**Exercise details**
Search the data for the word "page". Reproduce every line where it is found.

Data records:

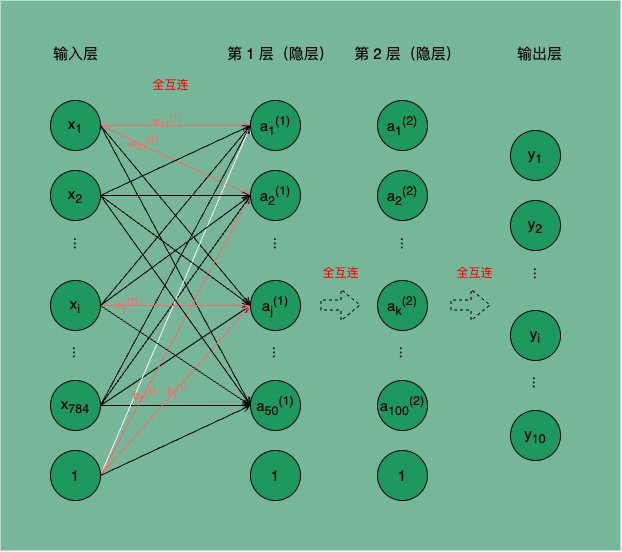

The diagram above was exported from draw.io. Its source (the exported page's mxGraphModel, read from the mxfile embedded in the PNG):
<mxGraphModel dx="883" dy="909" grid="1" gridSize="10" guides="1" tooltips="1" connect="1" arrows="1" fold="1" page="1" pageScale="1" pageWidth="850" pageHeight="1100" math="0" shadow="0">
  <root>
    <mxCell id="0" />
    <mxCell id="1" parent="0" />
    <mxCell id="2" value="" style="rounded=0;whiteSpace=wrap;html=1;fillColor=#75b798;strokeColor=none;glass=0;shadow=0;gradientColor=none;" vertex="1" parent="1">
      <mxGeometry x="110" y="80" width="620" height="550" as="geometry" />
    </mxCell>
    <mxCell id="8tjXwpucQZC3lZozqzPv-33" style="edgeStyle=orthogonalEdgeStyle;rounded=0;orthogonalLoop=1;jettySize=auto;html=1;entryX=0;entryY=0.5;entryDx=0;entryDy=0;endArrow=open;endFill=0;strokeColor=#FF6666;" parent="1" source="8tjXwpucQZC3lZozqzPv-1" target="8tjXwpucQZC3lZozqzPv-9" edge="1">
      <mxGeometry relative="1" as="geometry" />
    </mxCell>
    <mxCell id="8tjXwpucQZC3lZozqzPv-60" value="&lt;font color=&quot;#ff6666&quot;&gt;w&lt;sub&gt;11&lt;/sub&gt;&lt;sup&gt;(1)&lt;/sup&gt;&lt;/font&gt;" style="edgeLabel;html=1;align=center;verticalAlign=middle;resizable=0;points=[];labelBackgroundColor=none;" parent="8tjXwpucQZC3lZozqzPv-33" vertex="1" connectable="0">
      <mxGeometry x="-0.1333" relative="1" as="geometry">
        <mxPoint y="-5" as="offset" />
      </mxGeometry>
    </mxCell>
    <mxCell id="8tjXwpucQZC3lZozqzPv-34" style="edgeStyle=none;rounded=0;orthogonalLoop=1;jettySize=auto;html=1;entryX=0;entryY=0.5;entryDx=0;entryDy=0;exitX=1;exitY=0.5;exitDx=0;exitDy=0;endArrow=open;endFill=0;strokeColor=#FF6666;" parent="1" source="8tjXwpucQZC3lZozqzPv-1" target="8tjXwpucQZC3lZozqzPv-13" edge="1">
      <mxGeometry relative="1" as="geometry" />
    </mxCell>
    <mxCell id="8tjXwpucQZC3lZozqzPv-61" value="&lt;font color=&quot;#ff6666&quot;&gt;w&lt;sub&gt;21&lt;/sub&gt;&lt;sup&gt;(1)&lt;/sup&gt;&lt;/font&gt;" style="edgeLabel;html=1;align=center;verticalAlign=middle;resizable=0;points=[];labelBackgroundColor=none;" parent="8tjXwpucQZC3lZozqzPv-34" vertex="1" connectable="0">
      <mxGeometry x="-0.4372" y="2" relative="1" as="geometry">
        <mxPoint as="offset" />
      </mxGeometry>
    </mxCell>
    <mxCell id="8tjXwpucQZC3lZozqzPv-35" style="edgeStyle=none;rounded=0;orthogonalLoop=1;jettySize=auto;html=1;exitX=1;exitY=0.5;exitDx=0;exitDy=0;endArrow=open;endFill=0;entryX=0;entryY=0.5;entryDx=0;entryDy=0;" parent="1" source="8tjXwpucQZC3lZozqzPv-1" target="8tjXwpucQZC3lZozqzPv-12" edge="1">
      <mxGeometry relative="1" as="geometry" />
    </mxCell>
    <mxCell id="8tjXwpucQZC3lZozqzPv-36" style="edgeStyle=none;rounded=0;orthogonalLoop=1;jettySize=auto;html=1;entryX=0;entryY=0.5;entryDx=0;entryDy=0;exitX=1;exitY=0.5;exitDx=0;exitDy=0;endArrow=open;endFill=0;" parent="1" source="8tjXwpucQZC3lZozqzPv-1" target="8tjXwpucQZC3lZozqzPv-10" edge="1">
      <mxGeometry relative="1" as="geometry" />
    </mxCell>
    <mxCell id="8tjXwpucQZC3lZozqzPv-1" value="x&lt;sub&gt;1&lt;/sub&gt;" style="ellipse;whiteSpace=wrap;html=1;aspect=fixed;fontSize=15;fontColor=#000000;fillColor=#1D995F;" parent="1" vertex="1">
      <mxGeometry x="160" y="180" width="50" height="50" as="geometry" />
    </mxCell>
    <mxCell id="8tjXwpucQZC3lZozqzPv-47" style="edgeStyle=none;rounded=0;orthogonalLoop=1;jettySize=auto;html=1;entryX=0;entryY=0.5;entryDx=0;entryDy=0;exitX=1;exitY=0.5;exitDx=0;exitDy=0;endArrow=open;endFill=0;" parent="1" source="8tjXwpucQZC3lZozqzPv-2" target="8tjXwpucQZC3lZozqzPv-9" edge="1">
      <mxGeometry relative="1" as="geometry" />
    </mxCell>
    <mxCell id="8tjXwpucQZC3lZozqzPv-48" style="edgeStyle=none;rounded=0;orthogonalLoop=1;jettySize=auto;html=1;entryX=0;entryY=0.5;entryDx=0;entryDy=0;exitX=1;exitY=0.5;exitDx=0;exitDy=0;endArrow=open;endFill=0;" parent="1" source="8tjXwpucQZC3lZozqzPv-2" target="8tjXwpucQZC3lZozqzPv-13" edge="1">
      <mxGeometry relative="1" as="geometry" />
    </mxCell>
    <mxCell id="8tjXwpucQZC3lZozqzPv-49" style="edgeStyle=none;rounded=0;orthogonalLoop=1;jettySize=auto;html=1;entryX=0;entryY=0.5;entryDx=0;entryDy=0;exitX=1;exitY=0.5;exitDx=0;exitDy=0;endArrow=open;endFill=0;" parent="1" source="8tjXwpucQZC3lZozqzPv-2" target="8tjXwpucQZC3lZozqzPv-12" edge="1">
      <mxGeometry relative="1" as="geometry" />
    </mxCell>
    <mxCell id="8tjXwpucQZC3lZozqzPv-50" style="edgeStyle=none;rounded=0;orthogonalLoop=1;jettySize=auto;html=1;entryX=0;entryY=0.5;entryDx=0;entryDy=0;endArrow=open;endFill=0;" parent="1" source="8tjXwpucQZC3lZozqzPv-2" target="8tjXwpucQZC3lZozqzPv-10" edge="1">
      <mxGeometry relative="1" as="geometry" />
    </mxCell>
    <mxCell id="8tjXwpucQZC3lZozqzPv-2" value="x&lt;sub&gt;784&lt;/sub&gt;" style="ellipse;whiteSpace=wrap;html=1;aspect=fixed;fontSize=15;fontColor=#000000;fillColor=#1D995F;" parent="1" vertex="1">
      <mxGeometry x="160" y="460" width="50" height="50" as="geometry" />
    </mxCell>
    <mxCell id="8tjXwpucQZC3lZozqzPv-51" style="edgeStyle=none;rounded=0;orthogonalLoop=1;jettySize=auto;html=1;entryX=0;entryY=0.5;entryDx=0;entryDy=0;exitX=1;exitY=0.5;exitDx=0;exitDy=0;endArrow=open;endFill=0;strokeColor=#FFFFFF;" parent="1" source="8tjXwpucQZC3lZozqzPv-3" target="8tjXwpucQZC3lZozqzPv-9" edge="1">
      <mxGeometry relative="1" as="geometry" />
    </mxCell>
    <mxCell id="8tjXwpucQZC3lZozqzPv-52" style="edgeStyle=none;rounded=0;orthogonalLoop=1;jettySize=auto;html=1;entryX=0;entryY=0.5;entryDx=0;entryDy=0;exitX=1;exitY=0.5;exitDx=0;exitDy=0;endArrow=open;endFill=0;strokeColor=#FF6666;" parent="1" source="8tjXwpucQZC3lZozqzPv-3" target="8tjXwpucQZC3lZozqzPv-13" edge="1">
      <mxGeometry relative="1" as="geometry" />
    </mxCell>
    <mxCell id="8tjXwpucQZC3lZozqzPv-65" value="&lt;font color=&quot;#ff6666&quot;&gt;b&lt;sub&gt;2&lt;/sub&gt;&lt;sup&gt;(1)&lt;/sup&gt;&lt;/font&gt;" style="edgeLabel;html=1;align=center;verticalAlign=middle;resizable=0;points=[];labelBackgroundColor=none;" parent="8tjXwpucQZC3lZozqzPv-52" vertex="1" connectable="0">
      <mxGeometry x="-0.4226" relative="1" as="geometry">
        <mxPoint as="offset" />
      </mxGeometry>
    </mxCell>
    <mxCell id="8tjXwpucQZC3lZozqzPv-53" style="edgeStyle=none;rounded=0;orthogonalLoop=1;jettySize=auto;html=1;entryX=0;entryY=0.5;entryDx=0;entryDy=0;exitX=1;exitY=0.5;exitDx=0;exitDy=0;endArrow=open;endFill=0;strokeColor=#FF6666;" parent="1" source="8tjXwpucQZC3lZozqzPv-3" target="8tjXwpucQZC3lZozqzPv-12" edge="1">
      <mxGeometry relative="1" as="geometry" />
    </mxCell>
    <mxCell id="8tjXwpucQZC3lZozqzPv-64" value="&lt;font color=&quot;#ff6666&quot;&gt;b&lt;sub&gt;j&lt;/sub&gt;&lt;sup&gt;(1)&lt;/sup&gt;&lt;/font&gt;" style="edgeLabel;html=1;align=center;verticalAlign=middle;resizable=0;points=[];labelBackgroundColor=none;" parent="8tjXwpucQZC3lZozqzPv-53" vertex="1" connectable="0">
      <mxGeometry x="-0.0008" y="-1" relative="1" as="geometry">
        <mxPoint as="offset" />
      </mxGeometry>
    </mxCell>
    <mxCell id="8tjXwpucQZC3lZozqzPv-54" style="edgeStyle=none;rounded=0;orthogonalLoop=1;jettySize=auto;html=1;entryX=0;entryY=0.5;entryDx=0;entryDy=0;exitX=1;exitY=0.5;exitDx=0;exitDy=0;endArrow=open;endFill=0;" parent="1" source="8tjXwpucQZC3lZozqzPv-3" target="8tjXwpucQZC3lZozqzPv-10" edge="1">
      <mxGeometry relative="1" as="geometry" />
    </mxCell>
    <mxCell id="8tjXwpucQZC3lZozqzPv-3" value="1" style="ellipse;whiteSpace=wrap;html=1;aspect=fixed;fontSize=15;fontColor=#000000;fillColor=#1D995F;" parent="1" vertex="1">
      <mxGeometry x="160" y="530" width="50" height="50" as="geometry" />
    </mxCell>
    <mxCell id="8tjXwpucQZC3lZozqzPv-43" style="edgeStyle=none;rounded=0;orthogonalLoop=1;jettySize=auto;html=1;entryX=0;entryY=0.5;entryDx=0;entryDy=0;exitX=1;exitY=0.5;exitDx=0;exitDy=0;endArrow=open;endFill=0;" parent="1" source="8tjXwpucQZC3lZozqzPv-4" target="8tjXwpucQZC3lZozqzPv-9" edge="1">
      <mxGeometry relative="1" as="geometry">
        <mxPoint x="268" y="364" as="sourcePoint" />
      </mxGeometry>
    </mxCell>
    <mxCell id="8tjXwpucQZC3lZozqzPv-44" style="edgeStyle=none;rounded=0;orthogonalLoop=1;jettySize=auto;html=1;entryX=0;entryY=0.5;entryDx=0;entryDy=0;exitX=1;exitY=0.5;exitDx=0;exitDy=0;endArrow=open;endFill=0;" parent="1" source="8tjXwpucQZC3lZozqzPv-4" target="8tjXwpucQZC3lZozqzPv-13" edge="1">
      <mxGeometry relative="1" as="geometry" />
    </mxCell>
    <mxCell id="8tjXwpucQZC3lZozqzPv-45" style="edgeStyle=none;rounded=0;orthogonalLoop=1;jettySize=auto;html=1;entryX=0;entryY=0.5;entryDx=0;entryDy=0;endArrow=open;endFill=0;strokeColor=#FF6666;" parent="1" source="8tjXwpucQZC3lZozqzPv-4" target="8tjXwpucQZC3lZozqzPv-12" edge="1">
      <mxGeometry relative="1" as="geometry" />
    </mxCell>
    <mxCell id="8tjXwpucQZC3lZozqzPv-62" value="&lt;font color=&quot;#ff6666&quot;&gt;w&lt;sub&gt;ji&lt;/sub&gt;&lt;sup&gt;(1)&lt;/sup&gt;&lt;/font&gt;" style="edgeLabel;html=1;align=center;verticalAlign=middle;resizable=0;points=[];labelBackgroundColor=none;" parent="8tjXwpucQZC3lZozqzPv-45" vertex="1" connectable="0">
      <mxGeometry x="-0.6667" y="1" relative="1" as="geometry">
        <mxPoint as="offset" />
      </mxGeometry>
    </mxCell>
    <mxCell id="8tjXwpucQZC3lZozqzPv-46" style="edgeStyle=none;rounded=0;orthogonalLoop=1;jettySize=auto;html=1;entryX=0;entryY=0.5;entryDx=0;entryDy=0;exitX=1;exitY=0.5;exitDx=0;exitDy=0;endArrow=open;endFill=0;" parent="1" source="8tjXwpucQZC3lZozqzPv-4" target="8tjXwpucQZC3lZozqzPv-10" edge="1">
      <mxGeometry relative="1" as="geometry" />
    </mxCell>
    <mxCell id="8tjXwpucQZC3lZozqzPv-4" value="x&lt;sub&gt;i&lt;/sub&gt;" style="ellipse;whiteSpace=wrap;html=1;aspect=fixed;fontSize=15;fontColor=#000000;fillColor=#1D995F;" parent="1" vertex="1">
      <mxGeometry x="160" y="360" width="50" height="50" as="geometry" />
    </mxCell>
    <mxCell id="8tjXwpucQZC3lZozqzPv-38" style="edgeStyle=none;rounded=0;orthogonalLoop=1;jettySize=auto;html=1;entryX=0;entryY=0.5;entryDx=0;entryDy=0;exitX=1;exitY=0.5;exitDx=0;exitDy=0;endArrow=open;endFill=0;" parent="1" source="8tjXwpucQZC3lZozqzPv-5" target="8tjXwpucQZC3lZozqzPv-9" edge="1">
      <mxGeometry relative="1" as="geometry" />
    </mxCell>
    <mxCell id="8tjXwpucQZC3lZozqzPv-39" style="edgeStyle=none;rounded=0;orthogonalLoop=1;jettySize=auto;html=1;entryX=0;entryY=0.5;entryDx=0;entryDy=0;endArrow=open;endFill=0;" parent="1" source="8tjXwpucQZC3lZozqzPv-5" target="8tjXwpucQZC3lZozqzPv-13" edge="1">
      <mxGeometry relative="1" as="geometry" />
    </mxCell>
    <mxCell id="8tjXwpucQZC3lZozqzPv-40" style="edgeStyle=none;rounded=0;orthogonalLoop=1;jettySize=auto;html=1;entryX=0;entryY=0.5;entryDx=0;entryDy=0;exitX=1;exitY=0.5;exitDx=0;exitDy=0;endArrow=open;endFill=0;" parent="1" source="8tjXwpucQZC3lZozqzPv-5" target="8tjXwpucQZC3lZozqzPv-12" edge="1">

**Response to this exercise**
The diagram above was exported from draw.io. Its source (the exported page's mxGraphModel, read from the mxfile embedded in the PNG):
<mxGraphModel dx="883" dy="909" grid="1" gridSize="10" guides="1" tooltips="1" connect="1" arrows="1" fold="1" page="1" pageScale="1" pageWidth="850" pageHeight="1100" math="0" shadow="0">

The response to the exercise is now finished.